Swedish Prime Minister Stefan Löfven announced a ban on public gatherings of more than eight people as the country seeks to come to grips with a second wave of the pandemic. (Reuters)

Features & opinion

For decades, researchers were baffled by fossils of bizarre living things that dated back to the Ediacaran period, around half a billion years ago. But evidence now suggests that some of these alien-like species were in fact animals — and some even had guts, segmented bodies and other sophisticated features. Discover these bizarre ancient species in the audio version of Nature’s feature, made even more delightful by the sonorous voice of Nature’s Benjamin Thompson.

Nature | 19 min listen

“The idea that scientists build their own equipment is as old as science,” notes neuroscientist Tom Baden, who co-founded an organization that provides training in open-science hardware in Africa. What’s new is the online availability of a vast array of free open-source designs, and the growing ease of building them using 3D printers and hobbyist electronics such as Arduino and Raspberry Pi.
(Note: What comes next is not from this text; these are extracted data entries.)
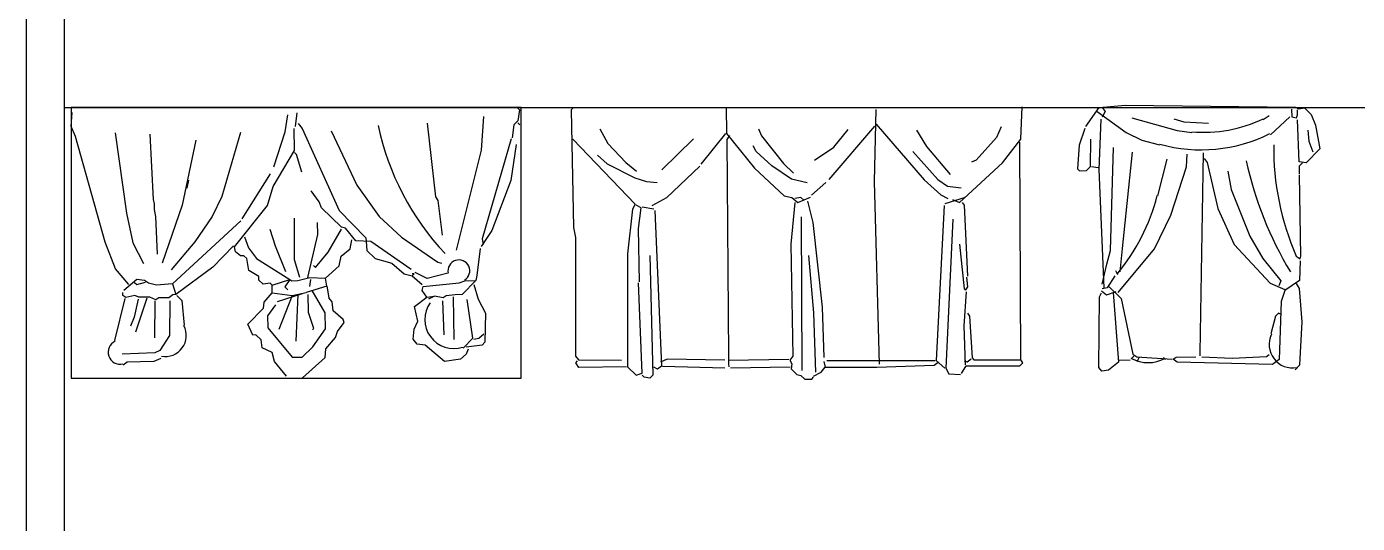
# Model space of a CAD drawing. Header units: inches. Extents: x 8.9 to 51.4, y 16 to 40.8.
# Drawn here: x 30.36 to 42.29, y 28.59 to 33.04 of the extents above; entities that cross this region are included whole.
import ezdxf

# ---------------------------------------------------------------- set-up
doc = ezdxf.new("R2010")
doc.units = ezdxf.units.IN
doc.header["$MEASUREMENT"] = 0
for name, color, linetype in [('02', 2, 'Continuous'), ('4', 4, 'Continuous'), ('kadrbm', 4, 'Continuous')]:
    doc.layers.add(name, color=color, linetype=linetype)

# ---------------------------------------------------------------- blocks, each defined once
blk = doc.blocks.new('kadrbm')
at = {"layer": 'kadrbm', "color": 4}
blk.add_lwpolyline([(0, 0), (0, 24.797), (21, 24.797), (21, 0), (0, 0)], close=True, dxfattribs=at)
blk.add_lwpolyline([(20.663, 0.326), (20.663, 24.46), (0.337, 24.46), (0.337, 0.326), (20.663, 0.326)], dxfattribs=at)

msp = doc.modelspace()

# ---------------------------------------------------------------- linework, layer by layer
at = {"layer": '02'}
for p, q in [((39.271, 32.036), (39.283, 32.324)), ((39.973, 32.318), (40.21, 32.34)), ((40.21, 32.34), (41.732, 32.323)), ((41.732, 32.323), (41.759, 32.306)), ((30.761, 32.148), (30.768, 32.273)), ((32.679, 32.101), (32.703, 32.253)), ((32.783, 32.272), (32.767, 32.147)), ((34.438, 31.936), (34.459, 32.239)), ((34.761, 32.316), (34.779, 32.298)), ((34.779, 32.298), (34.763, 32.2)), ((35.259, 32.315), (35.242, 32.297)), ((35.242, 32.297), (35.261, 31.241)), ((36.63, 32.321), (36.634, 32.086)), ((37.959, 31.655), (37.974, 32.301)), ((39.853, 32.149), (39.973, 32.318)), ((39.956, 32.283), (40.214, 32.094)), ((39.974, 31.764), (39.992, 32.213)), ((39.999, 32.319), (40.026, 32.284)), ((40.026, 32.284), (40.001, 32.231)), ((40.265, 32.227), (40.672, 32.111)), ((40.643, 32.216), (40.732, 32.191)), ((41.444, 32.212), (41.496, 32.248)), ((41.508, 32.073), (41.681, 32.234)), ((41.698, 32.305), (41.699, 32.234)), ((41.699, 32.234), (41.743, 32.226)), ((41.743, 32.226), (41.751, 32.253)), ((41.751, 32.253), (41.75, 32.297)), ((41.767, 31.831), (41.752, 32.209)), ((41.759, 32.306), (41.812, 32.315)), ((41.812, 32.315), (41.874, 32.255)), ((41.874, 32.255), (41.911, 32.159)), ((30.798, 32.059), (30.761, 32.148)), ((31.154, 32.092), (31.256, 31.372)), ((32.278, 32.094), (32.109, 31.52)), ((32.577, 31.787), (32.679, 32.101)), ((32.762, 31.933), (32.758, 32.129)), ((32.793, 32.174), (32.83, 32.13)), ((32.83, 32.13), (33.163, 31.396)), ((33.089, 32.108), (33.32, 31.622)), ((33.952, 32.177), (34.026, 31.518)), ((34.728, 32.164), (34.712, 32.047)), ((34.763, 32.2), (34.728, 32.164)), ((34.782, 32.164), (34.763, 32.182)), ((35.498, 32.127), (35.57, 31.997)), ((36.625, 32.086), (36.403, 31.811)), ((36.634, 32.086), (36.883, 31.776)), ((36.921, 32.126), (36.948, 32.065)), ((37.959, 32.152), (37.549, 31.674)), ((37.596, 31.963), (37.724, 32.122)), ((37.976, 32.17), (38.404, 31.671)), ((38.335, 32.115), (38.425, 31.969)), ((39.094, 32.146), (39.052, 32.049)), ((39.844, 32.131), (39.794, 31.981)), ((40.214, 32.094), (40.356, 32.026)), ((40.672, 32.111), (40.804, 32.095)), ((40.732, 32.191), (40.952, 32.177)), ((41.842, 32.114), (41.852, 32.017)), ((41.911, 32.159), (41.95, 31.948)), ((31.064, 31.11), (30.798, 32.059)), ((31.466, 32.08), (31.495, 31.492)), ((31.878, 32.025), (31.754, 31.443)), ((34.704, 32.038), (34.443, 31.142)), ((34.749, 31.986), (34.701, 31.664)), ((35.255, 32.035), (35.816, 31.452)), ((35.57, 31.997), (35.73, 31.825)), ((36.338, 32.037), (36.055, 31.761)), ((36.66, 32.069), (36.635, 32.033)), ((36.635, 32.033), (36.651, 30.087)), ((36.898, 31.924), (36.871, 31.976)), ((36.948, 32.065), (37.145, 31.815)), ((38.425, 31.969), (38.639, 31.719)), ((39.052, 32.049), (38.872, 31.845)), ((39.108, 31.823), (39.271, 32.036)), ((39.27, 30.054), (39.262, 32.009)), ((39.794, 31.981), (39.78, 31.77)), ((39.894, 31.789), (39.899, 32.036)), ((40.356, 32.026), (40.515, 31.985)), ((41.852, 32.017), (41.889, 31.921)), ((32.571, 31.609), (32.762, 31.933)), ((32.78, 31.898), (32.762, 31.915)), ((32.828, 31.738), (32.78, 31.898)), ((34.213, 31.04), (34.438, 31.936)), ((35.476, 31.891), (35.565, 31.814)), ((37.04, 31.796), (36.898, 31.924)), ((37.423, 31.846), (37.596, 31.963)), ((38.304, 31.923), (38.526, 31.674)), ((38.872, 31.845), (38.829, 31.827)), ((40.075, 31.036), (40.102, 31.96)), ((40.27, 31.919), (40.18, 31.055)), ((40.579, 31.854), (40.497, 31.527)), ((40.756, 31.787), (40.763, 31.901)), ((40.904, 31.912), (40.874, 30.117)), ((40.914, 31.86), (40.941, 31.825)), ((41.95, 31.948), (41.829, 31.823)), ((35.565, 31.814), (35.811, 31.687)), ((35.73, 31.825), (35.828, 31.749)), ((36.394, 31.793), (36.094, 31.509)), ((36.883, 31.776), (37.15, 31.527)), ((37.217, 31.677), (37.04, 31.796)), ((37.145, 31.815), (37.233, 31.73)), ((38.722, 31.467), (39.108, 31.823)), ((39.78, 31.77), (39.798, 31.752)), ((39.798, 31.752), (39.86, 31.753)), ((39.86, 31.753), (39.894, 31.789)), ((39.903, 31.789), (39.965, 31.782)), ((40.019, 30.701), (39.974, 31.764)), ((40.614, 31.353), (40.756, 31.787)), ((40.941, 31.825), (41.036, 31.413)), ((41.127, 31.749), (41.156, 31.583)), ((41.829, 31.823), (41.767, 31.831)), ((41.768, 31.796), (41.794, 31.822)), ((41.769, 31.725), (41.768, 31.796)), ((31.812, 31.667), (31.796, 31.595)), ((32.543, 31.724), (32.291, 31.319)), ((32.521, 31.439), (32.571, 31.609)), ((33.32, 31.622), (33.521, 31.34)), ((34.701, 31.664), (34.531, 31.215)), ((35.811, 31.687), (35.917, 31.654)), ((35.917, 31.654), (36.013, 31.647)), ((37.357, 31.644), (37.217, 31.677)), ((37.523, 31.647), (37.394, 31.532)), ((38.005, 30.015), (37.959, 31.655)), ((38.404, 31.671), (38.555, 31.534)), ((38.526, 31.674), (38.615, 31.614)), ((38.615, 31.614), (38.737, 31.599)), ((41.782, 30.986), (41.769, 31.716)), ((31.495, 31.492), (31.504, 31.456)), ((32.109, 31.52), (32.023, 31.341)), ((32.984, 31.473), (32.911, 31.57)), ((34.026, 31.518), (34.045, 31.483)), ((36.094, 31.509), (35.964, 31.437)), ((37.15, 31.527), (37.22, 31.511)), ((37.22, 31.511), (37.273, 31.468)), ((37.298, 31.512), (37.246, 31.503)), ((37.273, 31.468), (37.386, 31.514)), ((37.325, 31.487), (37.298, 31.512)), ((38.555, 31.534), (38.617, 31.501)), ((38.773, 31.512), (38.591, 31.456)), ((38.66, 31.493), (38.722, 31.467)), ((41.156, 31.583), (41.322, 31.163)), ((31.256, 31.372), (31.314, 31.105)), ((31.504, 31.456), (31.505, 31.403)), ((31.505, 31.403), (31.515, 31.341)), ((31.754, 31.443), (31.576, 30.923)), ((32.224, 31.068), (32.521, 31.439)), ((33.003, 31.42), (32.984, 31.473)), ((33.184, 31.245), (33.003, 31.42)), ((33.163, 31.396), (33.4, 31.151)), ((34.045, 31.483), (34.086, 31.172)), ((35.79, 31.408), (35.745, 31.005)), ((35.816, 31.452), (35.79, 31.408)), ((35.868, 31.418), (35.824, 31.443)), ((35.846, 31.234), (35.868, 31.418)), ((35.877, 31.427), (35.982, 31.411)), ((35.991, 31.394), (36.05, 29.998)), ((37.247, 31.468), (37.21, 31.092)), ((37.36, 31.479), (37.407, 31.287)), ((38.583, 31.439), (38.511, 30.05)), ((38.766, 31.442), (38.748, 31.468)), ((38.795, 30.805), (38.766, 31.442)), ((41.036, 31.413), (41.182, 31.09)), ((31.515, 31.341), (31.53, 31.002)), ((32.282, 31.301), (31.668, 30.738)), ((32.023, 31.341), (31.867, 31.115)), ((32.761, 30.952), (32.763, 31.327)), ((32.971, 31.179), (32.969, 31.286)), ((33.521, 31.34), (33.72, 31.156)), ((37.301, 31.338), (37.308, 29.959)), ((37.407, 31.287), (37.49, 30.529)), ((38.663, 31.318), (38.599, 29.981)), ((40.47, 31.052), (40.614, 31.353)), ((32.312, 31.158), (32.349, 31.061)), ((32.59, 31.074), (32.542, 31.225)), ((32.88, 30.794), (32.971, 31.179)), ((33.063, 31.02), (33.184, 31.227)), ((33.22, 31.237), (33.184, 31.245)), ((33.311, 31.122), (33.22, 31.237)), ((33.259, 31.05), (33.275, 31.131)), ((33.4, 31.151), (33.403, 31.118)), ((33.72, 31.156), (34.045, 30.93)), ((34.531, 31.215), (34.435, 31.071)), ((34.443, 31.142), (34.453, 31.089)), ((35.261, 31.241), (35.28, 31.154)), ((35.28, 31.154), (35.281, 30.089)), ((35.854, 30.754), (35.846, 31.234)), ((41.322, 31.163), (41.439, 30.963)), ((31.158, 30.871), (31.064, 31.11)), ((31.314, 31.105), (31.407, 30.92)), ((31.867, 31.115), (31.657, 30.862)), ((32.215, 31.077), (32.031, 30.886)), ((32.234, 31.023), (32.224, 31.068)), ((32.279, 30.989), (32.234, 31.023)), ((32.349, 31.061), (32.422, 30.964)), ((32.683, 30.844), (32.59, 31.074)), ((32.949, 30.884), (33.063, 31.02)), ((33.18, 30.986), (33.259, 31.05)), ((33.445, 31.116), (33.311, 31.122)), ((33.403, 31.118), (33.41, 31.035)), ((33.41, 31.035), (33.483, 30.965)), ((33.806, 30.864), (33.445, 31.116)), ((34.426, 31.053), (34.395, 30.811)), ((37.21, 31.092), (37.227, 30.088)), ((38.72, 31.092), (38.762, 30.691)), ((40.042, 30.912), (40.075, 31.036)), ((40.143, 30.659), (40.47, 31.052)), ((40.18, 31.055), (40.157, 30.844)), ((41.182, 31.09), (41.505, 30.744)), ((32.306, 30.989), (32.279, 30.989)), ((32.333, 30.963), (32.306, 30.989)), ((32.353, 30.856), (32.333, 30.963)), ((32.422, 30.964), (32.719, 30.777)), ((32.808, 30.793), (32.761, 30.952)), ((32.931, 30.902), (32.949, 30.884)), ((33.04, 30.788), (33.163, 30.897)), ((33.163, 30.897), (33.18, 30.986)), ((33.483, 30.965), (33.635, 30.923)), ((33.635, 30.923), (33.744, 30.827)), ((34.045, 30.93), (34.081, 30.922)), ((35.745, 31.005), (35.745, 29.993)), ((35.946, 30.991), (35.973, 29.918)), ((37.369, 30.99), (37.412, 30.476)), ((40.001, 30.735), (40.042, 30.912)), ((41.439, 30.963), (41.601, 30.763)), ((41.738, 30.986), (41.774, 30.96)), ((41.774, 30.942), (41.768, 30.766)), ((41.774, 30.96), (41.782, 30.986)), ((31.276, 30.73), (31.158, 30.871)), ((31.347, 30.776), (31.232, 30.676)), ((31.418, 30.768), (31.347, 30.776)), ((32.031, 30.886), (31.697, 30.64)), ((32.443, 30.804), (32.353, 30.856)), ((32.443, 30.769), (32.443, 30.804)), ((32.56, 30.726), (32.719, 30.777)), ((32.719, 30.777), (32.676, 30.71)), ((32.719, 30.777), (32.738, 30.765)), ((32.791, 30.766), (32.898, 30.794)), ((32.898, 30.794), (33.04, 30.788)), ((32.899, 30.714), (32.907, 30.777)), ((33.052, 30.717), (33.04, 30.788)), ((33.744, 30.827), (33.816, 30.81)), ((33.833, 30.828), (33.815, 30.828)), ((33.816, 30.81), (33.833, 30.828)), ((33.816, 30.81), (33.906, 30.732)), ((33.95, 30.786), (33.842, 30.838)), ((34.136, 30.834), (33.95, 30.786)), ((34.395, 30.811), (34.387, 30.767)), ((38.796, 30.709), (38.786, 30.796)), ((40.114, 30.808), (40.045, 30.701)), ((40.14, 30.817), (40.122, 30.852)), ((31.224, 30.631), (31.224, 30.658)), ((31.329, 30.749), (31.347, 30.732)), ((31.347, 30.732), (31.427, 30.751)), ((31.454, 30.742), (31.418, 30.768)), ((31.526, 30.726), (31.454, 30.742)), ((31.668, 30.738), (31.526, 30.726)), ((31.668, 30.738), (31.697, 30.64)), ((32.48, 30.733), (32.443, 30.769)), ((32.542, 30.743), (32.48, 30.733)), ((32.491, 30.573), (32.561, 30.655)), ((32.56, 30.726), (32.542, 30.743)), ((32.561, 30.655), (32.56, 30.726)), ((32.561, 30.655), (32.74, 30.631)), ((32.676, 30.71), (32.703, 30.684)), ((32.738, 30.765), (32.791, 30.766)), ((32.74, 30.631), (32.866, 30.658)), ((33.052, 30.717), (32.866, 30.658)), ((33.037, 30.476), (32.921, 30.676)), ((33.052, 30.717), (33.07, 30.61)), ((33.907, 30.678), (33.915, 30.714)), ((33.949, 30.618), (33.907, 30.678)), ((33.915, 30.714), (34.236, 30.746)), ((34.236, 30.746), (34.289, 30.765)), ((34.387, 30.767), (34.264, 30.64)), ((34.289, 30.765), (34.387, 30.767)), ((34.37, 30.731), (34.408, 30.598)), ((35.877, 29.934), (35.845, 30.745)), ((38.78, 30.665), (38.759, 30.36)), ((38.762, 30.691), (38.779, 30.683)), ((38.779, 30.683), (38.796, 30.709)), ((39.976, 30.621), (39.993, 30.656)), ((39.993, 30.674), (40.038, 30.639)), ((40.045, 30.701), (40.001, 30.691)), ((40.038, 30.639), (40.125, 30.667)), ((40.063, 30.71), (40.17, 30.606)), ((40.099, 30.658), (40.145, 30.034)), ((41.505, 30.744), (41.638, 30.685)), ((41.601, 30.763), (41.584, 30.719)), ((41.638, 30.676), (41.604, 30.579)), ((41.768, 30.766), (41.638, 30.676)), ((41.77, 30.696), (41.742, 30.739)), ((41.792, 30.397), (41.77, 30.696)), ((31.151, 30.229), (31.243, 30.605)), ((31.251, 30.614), (31.224, 30.631)), ((31.331, 30.633), (31.251, 30.614)), ((31.359, 30.598), (31.326, 30.437)), ((31.367, 30.616), (31.331, 30.633)), ((31.439, 30.608), (31.337, 30.303)), ((31.465, 30.618), (31.367, 30.616)), ((31.519, 30.592), (31.465, 30.618)), ((31.51, 30.583), (31.507, 30.253)), ((31.546, 30.61), (31.519, 30.592)), ((31.635, 30.612), (31.546, 30.61)), ((31.67, 30.639), (31.635, 30.612)), ((31.644, 30.585), (31.641, 30.273)), ((31.697, 30.64), (31.67, 30.639)), ((31.706, 30.631), (31.751, 30.587)), ((31.751, 30.587), (31.773, 30.365)), ((32.483, 30.52), (32.491, 30.573)), ((32.59, 30.548), (32.52, 30.449)), ((32.83, 30.646), (32.607, 30.575)), ((32.74, 30.631), (32.62, 30.326)), ((32.791, 30.642), (32.774, 30.222)), ((32.882, 30.642), (32.885, 30.482)), ((33.098, 30.575), (33.07, 30.61)), ((33.108, 30.495), (33.098, 30.575)), ((33.838, 30.534), (33.949, 30.618)), ((33.867, 30.401), (33.838, 30.534)), ((33.949, 30.618), (34.015, 30.627)), ((34.015, 30.627), (33.962, 30.599)), ((34.095, 30.61), (34.015, 30.627)), ((34.087, 30.583), (34.101, 30.28)), ((34.122, 30.628), (34.095, 30.61)), ((34.202, 30.639), (34.122, 30.628)), ((34.184, 30.621), (34.191, 30.237)), ((34.264, 30.64), (34.202, 30.639)), ((34.36, 30.249), (34.31, 30.596)), ((34.408, 30.598), (34.472, 30.474)), ((39.97, 29.987), (39.976, 30.621)), ((40.17, 30.606), (40.276, 30.107)), ((41.604, 30.579), (41.587, 30.059)), ((31.326, 30.437), (31.292, 30.356)), ((32.343, 30.374), (32.483, 30.52)), ((32.52, 30.449), (32.522, 30.342)), ((32.885, 30.482), (32.932, 30.34)), ((33.039, 30.333), (33.037, 30.476)), ((33.198, 30.416), (33.108, 30.495)), ((33.208, 30.39), (33.198, 30.416)), ((34.472, 30.474), (34.468, 30.215)), ((37.412, 30.476), (37.43, 29.944)), ((37.49, 30.529), (37.507, 30.076)), ((38.792, 30.474), (38.81, 30.448)), ((38.81, 30.448), (38.834, 30.073)), ((41.554, 30.446), (41.513, 30.287)), ((41.58, 30.473), (41.554, 30.446)), ((41.598, 30.464), (41.58, 30.473)), ((32.389, 30.277), (32.343, 30.374)), ((32.522, 30.342), (32.741, 30.078)), ((32.932, 30.34), (32.924, 30.322)), ((32.926, 30.171), (33.039, 30.333)), ((33.13, 30.254), (33.147, 30.308)), ((33.147, 30.308), (33.208, 30.39)), ((33.826, 30.24), (33.833, 30.329)), ((33.833, 30.329), (33.867, 30.401)), ((38.759, 30.36), (38.773, 30.011)), ((41.773, 30.01), (41.792, 30.397)), ((31.641, 30.273), (31.554, 30.138)), ((32.416, 30.278), (32.389, 30.277)), ((32.462, 30.234), (32.416, 30.278)), ((32.472, 30.163), (32.462, 30.234)), ((33.042, 30.155), (33.13, 30.254)), ((33.862, 30.196), (33.826, 30.24)), ((33.933, 30.188), (33.862, 30.196)), ((34.105, 30.04), (33.933, 30.188)), ((34.273, 30.159), (34.36, 30.249)), ((34.442, 30.188), (34.299, 30.168)), ((34.369, 30.24), (34.414, 30.25)), ((34.414, 30.25), (34.458, 30.287)), ((34.468, 30.215), (34.442, 30.188)), ((31.51, 30.119), (31.216, 30.105)), ((31.564, 30.067), (31.502, 30.039)), ((31.554, 30.138), (31.51, 30.119)), ((32.562, 30.12), (32.472, 30.163)), ((32.581, 30.04), (32.562, 30.12)), ((32.741, 30.078), (32.83, 30.08)), ((32.83, 30.08), (32.926, 30.171)), ((32.833, 29.893), (33.035, 30.075)), ((33.035, 30.075), (33.042, 30.155)), ((34.248, 30.06), (34.105, 30.04)), ((34.3, 30.106), (34.248, 30.06)), ((34.317, 30.15), (34.3, 30.106)), ((35.281, 30.089), (35.307, 30.055)), ((36.102, 30.06), (36.041, 30.033)), ((36.617, 30.052), (36.102, 30.06)), ((36.651, 30.087), (36.652, 30.017)), ((36.652, 30.052), (37.193, 30.062)), ((37.227, 30.088), (37.202, 30.053)), ((38.79, 30.037), (38.825, 30.064)), ((38.834, 30.073), (38.851, 30.056)), ((38.851, 30.056), (39.262, 30.054)), ((40.259, 30.063), (40.285, 30.089)), ((40.276, 30.107), (40.311, 30.081)), ((40.311, 30.081), (40.628, 30.06)), ((40.329, 30.073), (40.312, 30.037)), ((40.549, 30.076), (40.567, 30.059)), ((40.637, 30.06), (40.663, 30.078)), ((40.673, 30.035), (40.637, 30.06)), ((40.663, 30.078), (40.839, 30.082)), ((40.874, 30.117), (40.874, 30.091)), ((40.892, 30.082), (41.165, 30.07)), ((41.165, 30.07), (41.472, 30.084)), ((41.472, 30.084), (41.498, 30.102)), ((41.587, 30.059), (41.526, 30.014)), ((31.261, 30.035), (31.226, 30.007)), ((31.502, 30.039), (31.261, 30.035)), ((32.69, 29.908), (32.581, 30.04)), ((35.282, 30.028), (35.299, 30.046)), ((35.309, 29.985), (35.282, 30.028)), ((35.307, 30.055), (35.692, 30.053)), ((35.736, 29.993), (35.309, 29.985)), ((35.745, 29.993), (35.825, 29.916)), ((36.016, 29.971), (35.981, 29.988)), ((36.05, 29.998), (36.016, 29.971)), ((36.059, 29.998), (36.618, 29.982)), ((36.652, 30.017), (36.653, 29.991)), ((36.67, 29.983), (37.203, 29.992)), ((37.202, 30.053), (37.22, 30.018)), ((37.22, 30.018), (37.212, 29.975)), ((37.212, 29.975), (37.265, 29.923)), ((37.414, 29.908), (37.483, 29.945)), ((37.483, 29.945), (37.517, 29.989)), ((37.507, 30.041), (37.517, 29.989)), ((37.517, 29.989), (37.98, 29.988)), ((37.533, 30.05), (38.502, 30.05)), ((37.98, 29.988), (38.494, 30.006)), ((38.494, 30.006), (38.529, 30.033)), ((38.511, 30.05), (38.591, 29.981)), ((38.599, 29.981), (38.627, 29.93)), ((38.74, 29.932), (38.782, 30.002)), ((38.764, 30.045), (38.79, 30.037)), ((38.782, 30.002), (39.262, 30.002)), ((39.262, 30.002), (39.288, 30.028)), ((39.288, 30.028), (39.27, 30.054)), ((39.997, 29.952), (39.97, 29.987)), ((40.058, 29.962), (39.997, 29.952)), ((40.145, 30.034), (40.058, 29.962)), ((40.153, 30.052), (40.25, 30.054)), ((41.526, 30.014), (40.673, 30.035)), ((41.73, 29.965), (41.773, 30.01)), ((35.825, 29.916), (35.877, 29.934)), ((35.895, 29.899), (35.877, 29.916)), ((35.947, 29.892), (35.895, 29.899)), ((35.973, 29.918), (35.947, 29.892)), ((37.265, 29.923), (37.3, 29.915)), ((37.3, 29.915), (37.336, 29.881)), ((37.336, 29.881), (37.397, 29.882)), ((37.397, 29.882), (37.414, 29.9)), ((38.627, 29.93), (38.731, 29.923))]:
    msp.add_line(p, q, dxfattribs=at)
msp.add_lwpolyline([(30.759, 32.318), (30.759, 29.892), (34.792, 29.892), (34.792, 32.318)], close=True, dxfattribs=at)
msp.add_lwpolyline([(35.264, 32.32), (39.282, 32.32)], dxfattribs=at)
for centre, radius, start, end in [((40.915, 33.311), 1.214, 264.7966, 295.7174), ((35.834, 32.638), 2.371, 191.6729, 223.4181), ((40.888, 33.311), 1.372, 254.3008, 296.5885), ((43.956, 31.957), 2.419, 179.3337, 203.6519), ((44.447, 32.52), 3.228, 192.1568, 211.2677), ((38.739, 31.98), 1.812, 320.3087, 345.5502), ((34.234, 30.853), 0.0981, 301.9638, 191.3048), ((34.188, 30.416), 0.259, 144.1301, 288.2415), ((31.605, 30.272), 0.187, 258.7352, 28.7585), ((31.198, 30.123), 0.107, 113.6199, 283.9946), ((41.708, 30.193), 0.211, 154.4349, 280.0903), ((40.412, 30.347), 0.317, 241.6422, 298.2553)]:
    msp.add_arc(centre, radius, start, end, dxfattribs=at)
at = {"layer": '4'}
msp.add_line((30.698, 32.318), (51.024, 32.318), dxfattribs=at)

# ---------------------------------------------------------------- block references
at = {"layer": 'kadrbm'}
msp.add_blockref('kadrbm', (30.361, 15.992), dxfattribs=at)

doc.saveas('drawing.dxf')

Coupled with open-source reagents, these resources are making advanced diagnostics accessible even in resource-poor regions that lack trained technicians, cold storage and reliable power.

Nature | 11 min read

The COVID-19 pandemic threatens to erode huge gains against HIV, tuberculosis, malaria and maternal mortality. As she dedicates herself to the fight against COVID-19, infectious disease researcher Francine Ntoumi looks for silver linings. “To get through my work day after day, this is how I see the COVID-19 pandemic: as an opportunity to build structures that will reduce the burden of all tropical diseases,” writes the head of the Congolese Foundation for Medical Research. “I do not want to think about a world where that does not happen.”

Nature | 5 min read

Image of the week

Credit: Dr. Igor Siwanowicz, HHMI/Nikon Small World

This is the ‘tongue’ — or radula — of a freshwater snail, magnified 40 times. Snails and other gastropods use their radula to scrape the algae that they feed on from rocks and other surfaces. The tiny comb-shaped structures at the edge function like teeth, scraping and cutting up the material before it is swallowed. This close-up was taken by molecular biologist Igor Siwanowicz. It has been colour-coded to show depth — the parts that are closest to the camera are bright pink, and the farthest away are blue. The shot won third place in the Nikon Small World 2020 photomicrography competition. See more of the month’s sharpest science shots, selected by Nature’s photo team.

Quote of the day

The successful transfer of four astronauts to the International Space Station on a SpaceX Crew Dragon spacecraft is a milestone, says Phil McAlister, NASA’s director of commercial spaceflight development. (The New York Times)

Today I’m streaming all Dolly Parton tunes to celebrate her helping to fund the Moderna COVID vaccine candidate. Parton’s US$1-million COVID-19 research fund has also supported research into convalescent plasma.